◆ Exercise instructions ◆
Produce a copy of every line in the records that holds the string "True".

◆ Task input ◆
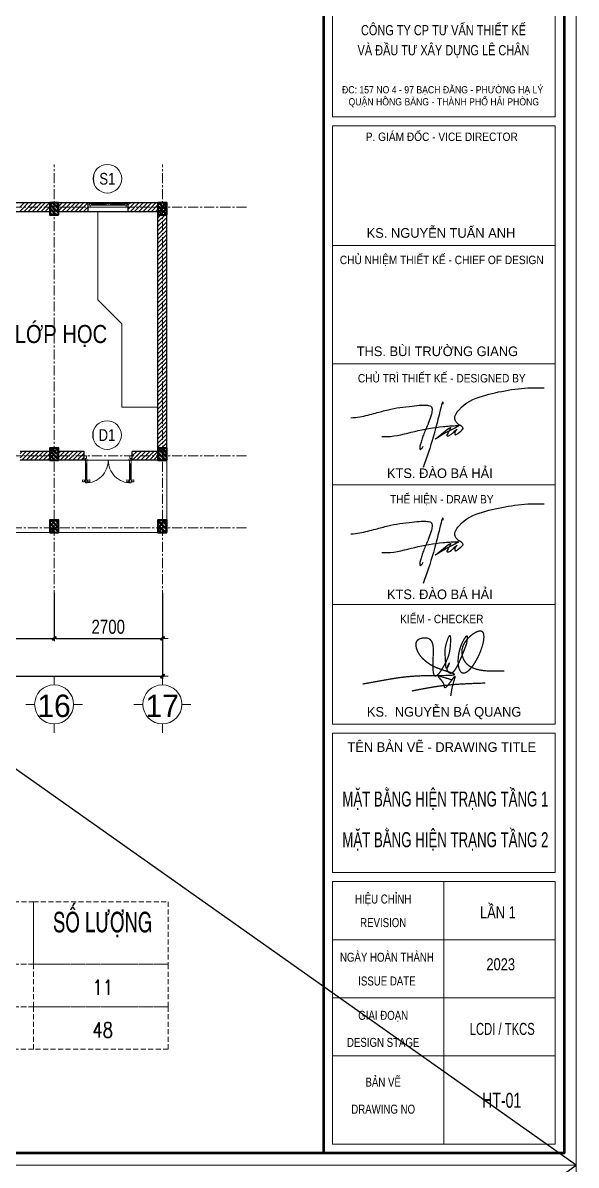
# Model space of a CAD drawing. Header units: millimetres. Extents: x 5243337 to 5938936, y 490824 to 785930.
# Drawn here: x 5834984 to 5848782, y 640013 to 668511 of the extents above; entities that cross this region are included whole.
import ezdxf
from ezdxf.enums import TextEntityAlignment as Align

# ---------------------------------------------------------------- set-up
doc = ezdxf.new("R2010")
doc.units = ezdxf.units.MM
doc.header["$MEASUREMENT"] = 0
doc.header["$PDMODE"] = 32
for name, pattern in [('ACAD_ISO07W100', [3, 0, -3]), ('CENTER', [2, 1.25, -0.25, 0.25, -0.25]), ('HIDDEN', [0.375, 0.25, -0.125])]:
    doc.linetypes.add(name, pattern=pattern)
doc.layers.get('0').update_dxf_attribs({"lineweight": 0})
doc.layers.get('Defpoints').update_dxf_attribs({"lineweight": 0})
for name, color, linetype, lineweight in [('0.15_Cua', 144, 'Continuous', 15), ('A-WIPEOUT', 254, 'ACAD_ISO07W100', 0), ('cat2', 22, 'Continuous', 30), ('dim', 144, 'Continuous', 13), ('hatch1', 136, 'Continuous', 9), ('Khungten_LCDI', 7, 'Continuous', 25), ('LC Dim', 8, 'Continuous', 18), ('LC Hatch', 252, 'Continuous', 9), ('LC ISO', 153, 'Continuous', 13), ('LC MANH DUT', 35, 'HIDDEN', 5), ('LC Net dam 1', 30, 'Continuous', 30), ('LC Net dam2', 6, 'Continuous', 40), ('LC Net manh', 9, 'Continuous', 5), ('LC Net thay', 7, 'Continuous', 25), ('LC Text1', 3, 'Continuous', 20), ('LC Text2', 7, 'Continuous', 25), ('manh1', 67, 'Continuous', 13), ('text', 1, 'Continuous', 20), ('thay1', 63, 'Continuous', 18), ('truc', 76, 'CENTER', 9)]:
    doc.layers.add(name, color=color, linetype=linetype, lineweight=lineweight)
doc.layers.add('KCS_Plotter', color=11, linetype='Continuous', plot=False)
doc.layers.add('KICHTHUOC', color=9, linetype='Continuous')
doc.styles.add('EG Hai', font='VHAVANB.TTF')
doc.styles.add('General text 2', font='arial.ttf')
doc.styles.add('HOATBIF', font='hoatbif.shx', dxfattribs={"width": 0.8})
doc.styles.add('Khungten', font='VHAVAN.TTF', dxfattribs={"width": 0.9, "height": 5000})
doc.styles.add('LC 2', font='VHARIALN.TTF', dxfattribs={"width": 0.7})
doc.styles.add('LC 3', font='vnsimli.shx', dxfattribs={"width": 0.75})
doc.styles.add('T2', font='VHARIAL.TTF', dxfattribs={"width": 0.8})
doc.styles.add('Title', font='VHBLACK.TTF')
doc.styles.add('VnAvantH', font='VHAVANB.TTF', dxfattribs={"width": 0.6})
doc.dimstyles.new('1-100', dxfattribs={"dimscale": 100, "dimtxt": 2.5, "dimasz": 0.35, "dimexe": 0.5, "dimexo": 0, "dimgap": 0.8, "dimtad": 1, "dimdec": 0, "dimzin": 0, "dimdsep": 46, "dimtxsty": 'HOATBIF', "dimblk1": 'DOT', "dimblk2": 'DOT', "dimsah": 1, "dimcen": -1, "dimdle": 1, "dimclrd": 256, "dimclre": 256, "dimclrt": 4, "dimadec": 3, "dimazin": 2, "dimtfac": 0.333333, "dimtdec": 0, "dimtix": 1, "dimtmove": 2, "dimatfit": 3, "dimldrblk": 'DOT', "dimfxl": 1, "dimtvp": 0.833333, "dimtolj": 1, "dimtzin": 0, "dimarcsym": 0})
pattern_1 = [(45, (174971.07, -40298.29), (-53.0330086, 53.0330086), [])]

# ---------------------------------------------------------------- blocks, each defined once
blk = doc.blocks.new('DOT')
at = {"layer": 'dim'}
for p, q in [((-3, 0), (3, 0)), ((-1, -1), (1, 1))]:
    blk.add_line(p, q, dxfattribs=at)
blk.add_lwpolyline([(0.5, 1), (-1, -0.5), (-0.5, -1), (1, 0.5)], close=True, dxfattribs=at)
blk = doc.blocks.new('*D558')
at = {"layer": 'Defpoints', "color": 0, "ltscale": 300, "transparency": 16777216}
for p in [(5793813, 654293), (5838463, 654293), (5838463, 652214)]:
    blk.add_point(p, dxfattribs=at)
at = {"layer": 'LC Dim', "lineweight": -2, "ltscale": 300, "transparency": 16777216}
for p, q in [((5793813, 654293), (5793813, 652144)), ((5838463, 654293), (5838463, 652144)), ((5793862, 652214), (5838414, 652214))]:
    blk.add_line(p, q, dxfattribs=at)
at = {"layer": 'LC Dim', "lineweight": -2, "ltscale": 300, "transparency": 16777216, "xscale": 49, "yscale": 49, "zscale": 49, "rotation": 180}
blk.add_blockref('DOT', (5793813, 652214), dxfattribs=at)
at = {"layer": 'LC Dim', "lineweight": -2, "ltscale": 300, "transparency": 16777216, "xscale": 49, "yscale": 49, "zscale": 49}
blk.add_blockref('DOT', (5838463, 652214), dxfattribs=at)
at = {"layer": 'LC Dim', "color": 4, "ltscale": 300, "transparency": 16777216, "insert": (5816138, 652501), "char_height": 350, "attachment_point": 5, "style": 'HOATBIF'}
blk.add_mtext('\\A1;44650', dxfattribs=at)
blk = doc.blocks.new('_Dot')
at = {"color": 0, "linetype": 'ByBlock', "lineweight": -2}
blk.add_line((-0.5, 0), (-1, 0), dxfattribs=at)
at = {"color": 0, "linetype": 'ByBlock', "const_width": 0.5}
blk.add_lwpolyline([(-0.25, 0, 1), (0.25, 0, 1)], format="xyb", close=True, dxfattribs=at)
blk = doc.blocks.new('*D574')
at = {"layer": 'Defpoints', "color": 0, "ltscale": 300, "transparency": 16777216}
for p in [(5833063, 654293), (5835763, 654293), (5835763, 653156)]:
    blk.add_point(p, dxfattribs=at)
at = {"layer": 'LC Dim', "lineweight": -2, "ltscale": 300, "transparency": 16777216}
for p, q in [((5833063, 654293), (5833063, 653086)), ((5835763, 654293), (5835763, 653086)), ((5833112, 653156), (5835714, 653156))]:
    blk.add_line(p, q, dxfattribs=at)
at = {"layer": 'LC Dim', "lineweight": -2, "ltscale": 300, "transparency": 16777216, "xscale": 49, "yscale": 49, "zscale": 49, "rotation": 180}
blk.add_blockref('DOT', (5833063, 653156), dxfattribs=at)
at = {"layer": 'LC Dim', "lineweight": -2, "ltscale": 300, "transparency": 16777216, "xscale": 49, "yscale": 49, "zscale": 49}
blk.add_blockref('DOT', (5835763, 653156), dxfattribs=at)
at = {"layer": 'LC Dim', "color": 4, "ltscale": 300, "transparency": 16777216, "insert": (5834413, 653443), "char_height": 350, "attachment_point": 5, "style": 'HOATBIF'}
blk.add_mtext('\\A1;2700', dxfattribs=at)
blk = doc.blocks.new('*D575')
at = {"layer": 'Defpoints', "color": 0, "ltscale": 300, "transparency": 16777216}
for p in [(5835763, 654293), (5838463, 654293), (5838463, 653156)]:
    blk.add_point(p, dxfattribs=at)
at = {"layer": 'LC Dim', "lineweight": -2, "ltscale": 300, "transparency": 16777216}
for p, q in [((5835763, 654293), (5835763, 653086)), ((5838463, 654293), (5838463, 653086)), ((5835812, 653156), (5838414, 653156))]:
    blk.add_line(p, q, dxfattribs=at)
at = {"layer": 'LC Dim', "lineweight": -2, "ltscale": 300, "transparency": 16777216, "xscale": 49, "yscale": 49, "zscale": 49, "rotation": 180}
blk.add_blockref('DOT', (5835763, 653156), dxfattribs=at)
at = {"layer": 'LC Dim', "lineweight": -2, "ltscale": 300, "transparency": 16777216, "xscale": 49, "yscale": 49, "zscale": 49}
blk.add_blockref('DOT', (5838463, 653156), dxfattribs=at)
at = {"layer": 'LC Dim', "color": 4, "ltscale": 300, "transparency": 16777216, "insert": (5837113, 653443), "char_height": 350, "attachment_point": 5, "style": 'HOATBIF'}
blk.add_mtext('\\A1;2700', dxfattribs=at)
blk = doc.blocks.new('TTRUC')
at = {"layer": 'LC ISO'}
for p, q in [((0, 6.95), (0, 10.13)), ((-6.95, 0), (-10.13, 0)), ((6.95, 0), (10.13, 0)), ((0, -6.95), (0, -10.13))]:
    blk.add_line(p, q, dxfattribs=at)
at = {"layer": 'LC Net manh'}
blk.add_circle((0, 0), 6.95, dxfattribs=at)
blk = doc.blocks.new('fsdfgsg')
at = {"layer": 'LC Hatch', "ltscale": 2}
h = blk.add_hatch(dxfattribs=at)
h.set_pattern_fill('BTCT', color=256, scale=20, angle=270)
h.set_pattern_definition([(320, (-309198.05, -458467.84), (-12.550427, -143.452037), [15, -165]), (265, (-309198.05, -458467.84), (150.438427, 27.750267), [12, -132]), (10.4514, (-309199.1, -458479.8), (137.88791, -115.701876), [12.748038, -140.228422]), (316.1842, (-309158.05, -458467.84), (-33.103803, -213.44821), [22.5, -247.5]), (6.6356, (-309160.81, -458485.63), (194.823574, -186.93254), [19.12206, -210.3426]), (261.1842, (-309158.05, -458467.84), (194.82372, -186.93239), [18, -198]), (291, (-309168.05, -458487.84), (-80.523778, -119.38141), [15, -165]), (236, (-309168.05, -458487.84), (145.03001, -48.663066), [12, -132]), (341.4514, (-309174.77, -458497.79), (64.5061, -168.044526), [12.748038, -140.228422]), (307.5, (-309198.055, -458467.84), (66.578771, -2.431971), [0, -130.4, 0, -134, 0, -132.5]), (277.5, (-309198.055, -458467.84), (78.882342, -52.6139075), [0, -76.4, 0, -127.4, 0, -50.5]), (237.5, (-309198.055, -458423.24), (-4.5109743, -106.764487), [0, -50, 0, -156, 0, -207]), (227.5, (-309198.055, -458403.24), (20.020996, -116.637234), [0, -65, 0, -103.6, 0, -147]), (315, (-309198.055, -458467.84), (53.033009, 53.033009), []), (315, (-309198.055, -458503.196), (53.033009, 53.033009), [])])
h.paths.add_polyline_path([(-110, 190), (-110, -110), (110, -110), (110, 190)])
at = {"layer": 'LC Net dam2', "ltscale": 2}
blk.add_lwpolyline([(110, -110), (110, 190), (-110, 190), (-110, -110)], close=True, dxfattribs=at)
blk = doc.blocks.new('*U62')
for p, q in [((35, 0), (965, 0)), ((50, -110), (950, -110)), ((560, -20), (905, -20)), ((560, -60), (905, -60))]:
    blk.add_line(p, q)
at = {"color": 8, "lineweight": 5}
for p, q in [((95, -20), (440, -20)), ((95, -35), (440, -35)), ((95, -45), (440, -45)), ((95, -60), (440, -60)), ((560, -20), (905, -20)), ((560, -35), (905, -35)), ((560, -45), (905, -45)), ((560, -60), (905, -60))]:
    blk.add_line(p, q, dxfattribs=at)
for points in [[(0, 0), (35, 0), (35, -60), (50, -60), (50, -110), (0, -110), (0, 0)], [(1000, 0), (965, 0), (965, -60), (950, -60), (950, -110), (1000, -110), (1000, 0)], [(560, -45), (560, -60), (500, -60), (500, -20), (560, -20), (560, -35), (550, -35), (550, -45), (560, -45)], [(905, -45), (905, -60), (965, -60), (965, -20), (905, -20), (905, -35), (915, -35), (915, -45), (905, -45)]]:
    blk.add_lwpolyline(points)
for points in [[(35, -20), (95, -20), (95, -35), (85, -35), (85, -45), (95, -45), (95, -60), (35, -60)], [(500, -20), (440, -20), (440, -35), (450, -35), (450, -45), (440, -45), (440, -60), (500, -60)]]:
    blk.add_lwpolyline(points, close=True)
for points in [[(95, -29, -0.312187), (102, -35, -0.312187)], [(95, -51, 0.312187), (102, -45, 0.312187)], [(440, -29, 0.312187), (433, -35, 0.312187)], [(440, -51, -0.312187), (433, -45, -0.312187)]]:
    blk.add_lwpolyline(points, format="xyb", dxfattribs=at)
for centre, start, end in [((559, -37), 14.2151, 83.5658), ((559, -43), 276.4342, 345.7849), ((906, -37), 96.4342, 165.7849), ((906, -43), 194.2151, 263.5658)]:
    blk.add_arc(centre, 8.25, start, end, dxfattribs=at)
blk = doc.blocks.new('*U19')
at = {"layer": 'A-WIPEOUT'}
blk.add_lwpolyline([(0, 4.25), (-2.5, 3.44), (-4.04, 1.31), (-4.04, -1.31), (-2.5, -3.44), (0, -4.25), (2.5, -3.44), (4.04, -1.31), (4.04, 1.31), (2.5, 3.44)], close=True, dxfattribs=at)
blk.add_wipeout([(0, 4.25), (-2.5, 3.44), (-4.04, 1.31), (-4.04, -1.31), (-2.5, -3.44), (0, -4.25), (2.5, -3.44), (4.04, -1.31), (4.04, 1.31), (2.5, 3.44)]).dxf.layer = 'A-WIPEOUT'
blk.add_circle((0, 0), 4.25)
at = {"layer": 'text', "style": 'General text 2', "width": 0.8, "flags": 8}
blk.add_attdef('SYMBOL', text='', height=3.5, dxfattribs=at).set_placement((0, 0), align=Align.MIDDLE_CENTER)
blk = doc.blocks.new('*U58')
for p, q in [((30, -469), (30, -100)), ((70, -469), (70, -100)), ((1130, -469), (1130, -100)), ((1170, -469), (1170, -100))]:
    blk.add_line(p, q)
at = {"color": 8, "lineweight": 9}
for p, q in [((48, -479), (48, -90)), ((52, -479), (52, -90)), ((1148, -479), (1148, -90)), ((1152, -479), (1152, -90))]:
    blk.add_line(p, q, dxfattribs=at)
for points in [[(30, 0), (0, 0), (0, 110), (60, 110), (60, 40), (30, 40), (30, 0)], [(55, -100), (70, -100), (70, 0), (30, 0), (30, -100), (45, -100), (45, -90), (55, -90), (55, -100)], [(1145, -100), (1130, -100), (1130, 0), (1170, 0), (1170, -100), (1155, -100), (1155, -90), (1145, -90), (1145, -100)], [(1170, 0), (1200, 0), (1200, 110), (1140, 110), (1140, 40), (1170, 40), (1170, 0)], [(20, -514), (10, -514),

◆ Solution for this problem ◆
blk.add_lwpolyline([(0.5, 1), (-1, -0.5), (-0.5, -1), (1, 0.5)], close=True, dxfattribs=at)
blk.add_lwpolyline([(-0.25, 0, 1), (0.25, 0, 1)], format="xyb", close=True, dxfattribs=at)
blk.add_lwpolyline([(110, -110), (110, 190), (-110, 190), (-110, -110)], close=True, dxfattribs=at)
    blk.add_lwpolyline(points, close=True)
blk.add_lwpolyline([(0, 4.25), (-2.5, 3.44), (-4.04, 1.31), (-4.04, -1.31), (-2.5, -3.44), (0, -4.25), (2.5, -3.44), (4.04, -1.31), (4.04, 1.31), (2.5, 3.44)], close=True, dxfattribs=at)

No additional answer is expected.